## Problem
All of the data below should be set down again verbatim, without any images.
--
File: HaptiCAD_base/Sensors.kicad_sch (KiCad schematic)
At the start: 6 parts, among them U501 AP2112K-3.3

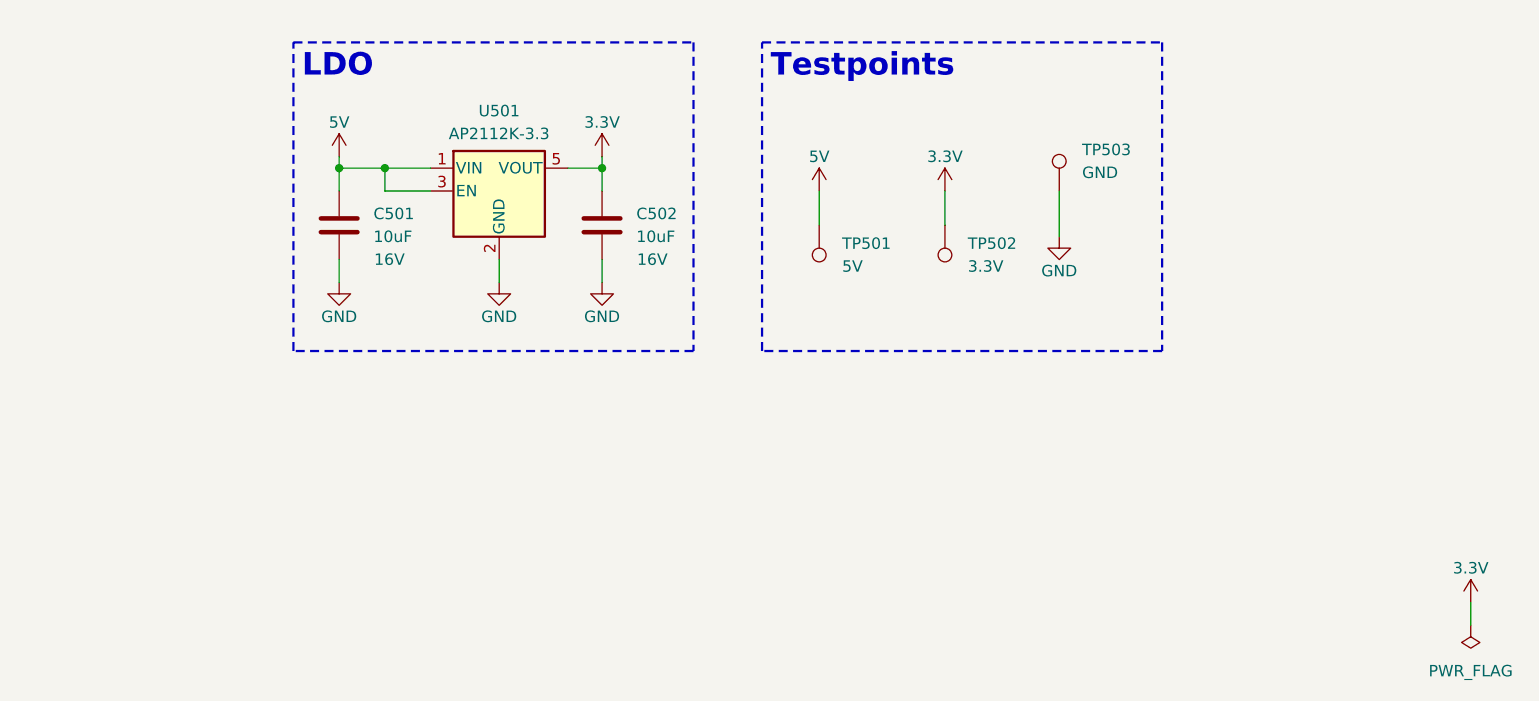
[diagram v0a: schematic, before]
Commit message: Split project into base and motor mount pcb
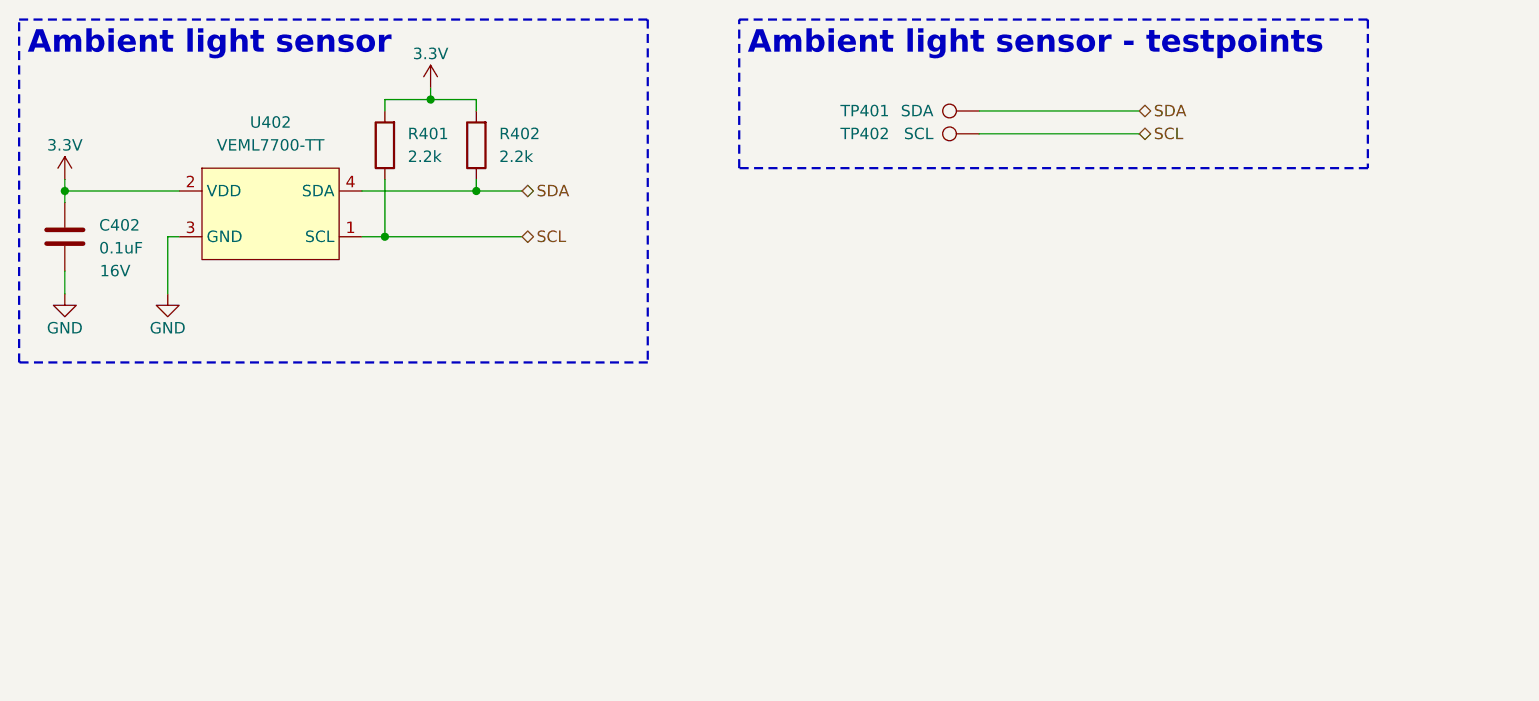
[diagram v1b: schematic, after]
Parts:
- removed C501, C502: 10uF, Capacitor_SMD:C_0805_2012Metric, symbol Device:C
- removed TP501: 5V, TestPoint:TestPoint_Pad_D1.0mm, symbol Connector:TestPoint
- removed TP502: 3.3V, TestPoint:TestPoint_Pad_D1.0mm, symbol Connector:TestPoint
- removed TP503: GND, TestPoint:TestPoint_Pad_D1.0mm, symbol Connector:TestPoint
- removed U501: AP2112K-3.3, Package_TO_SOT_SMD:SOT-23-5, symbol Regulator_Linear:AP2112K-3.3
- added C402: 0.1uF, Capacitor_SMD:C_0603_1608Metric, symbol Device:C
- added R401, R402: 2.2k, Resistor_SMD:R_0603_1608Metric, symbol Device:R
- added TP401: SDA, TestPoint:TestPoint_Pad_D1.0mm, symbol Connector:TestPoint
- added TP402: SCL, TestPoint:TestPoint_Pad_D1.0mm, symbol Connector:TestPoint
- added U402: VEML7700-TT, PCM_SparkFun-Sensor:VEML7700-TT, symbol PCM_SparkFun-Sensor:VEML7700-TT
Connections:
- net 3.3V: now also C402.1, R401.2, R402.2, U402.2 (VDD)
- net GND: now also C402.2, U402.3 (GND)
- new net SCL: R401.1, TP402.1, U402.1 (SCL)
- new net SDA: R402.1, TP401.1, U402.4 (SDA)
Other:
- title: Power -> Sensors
--
## Result of the exercise
File: HaptiCAD_base/Sensors.kicad_sch (KiCad schematic)
At the start: 6 parts, among them U501 AP2112K-3.3

[diagram v0a: schematic, before]
Commit message: Split project into base and motor mount pcb
[diagram v1b: schematic, after]
Parts:
- removed C501, C502: 10uF, Capacitor_SMD:C_0805_2012Metric, symbol Device:C
- removed TP501: 5V, TestPoint:TestPoint_Pad_D1.0mm, symbol Connector:TestPoint
- removed TP502: 3.3V, TestPoint:TestPoint_Pad_D1.0mm, symbol Connector:TestPoint
- removed TP503: GND, TestPoint:TestPoint_Pad_D1.0mm, symbol Connector:TestPoint
- removed U501: AP2112K-3.3, Package_TO_SOT_SMD:SOT-23-5, symbol Regulator_Linear:AP2112K-3.3
- added C402: 0.1uF, Capacitor_SMD:C_0603_1608Metric, symbol Device:C
- added R401, R402: 2.2k, Resistor_SMD:R_0603_1608Metric, symbol Device:R
- added TP401: SDA, TestPoint:TestPoint_Pad_D1.0mm, symbol Connector:TestPoint
- added TP402: SCL, TestPoint:TestPoint_Pad_D1.0mm, symbol Connector:TestPoint
- added U402: VEML7700-TT, PCM_SparkFun-Sensor:VEML7700-TT, symbol PCM_SparkFun-Sensor:VEML7700-TT
Connections:
- net 3.3V: now also C402.1, R401.2, R402.2, U402.2 (VDD)
- net GND: now also C402.2, U402.3 (GND)
- new net SCL: R401.1, TP402.1, U402.1 (SCL)
- new net SDA: R402.1, TP401.1, U402.4 (SDA)
Other:
- title: Power -> Sensors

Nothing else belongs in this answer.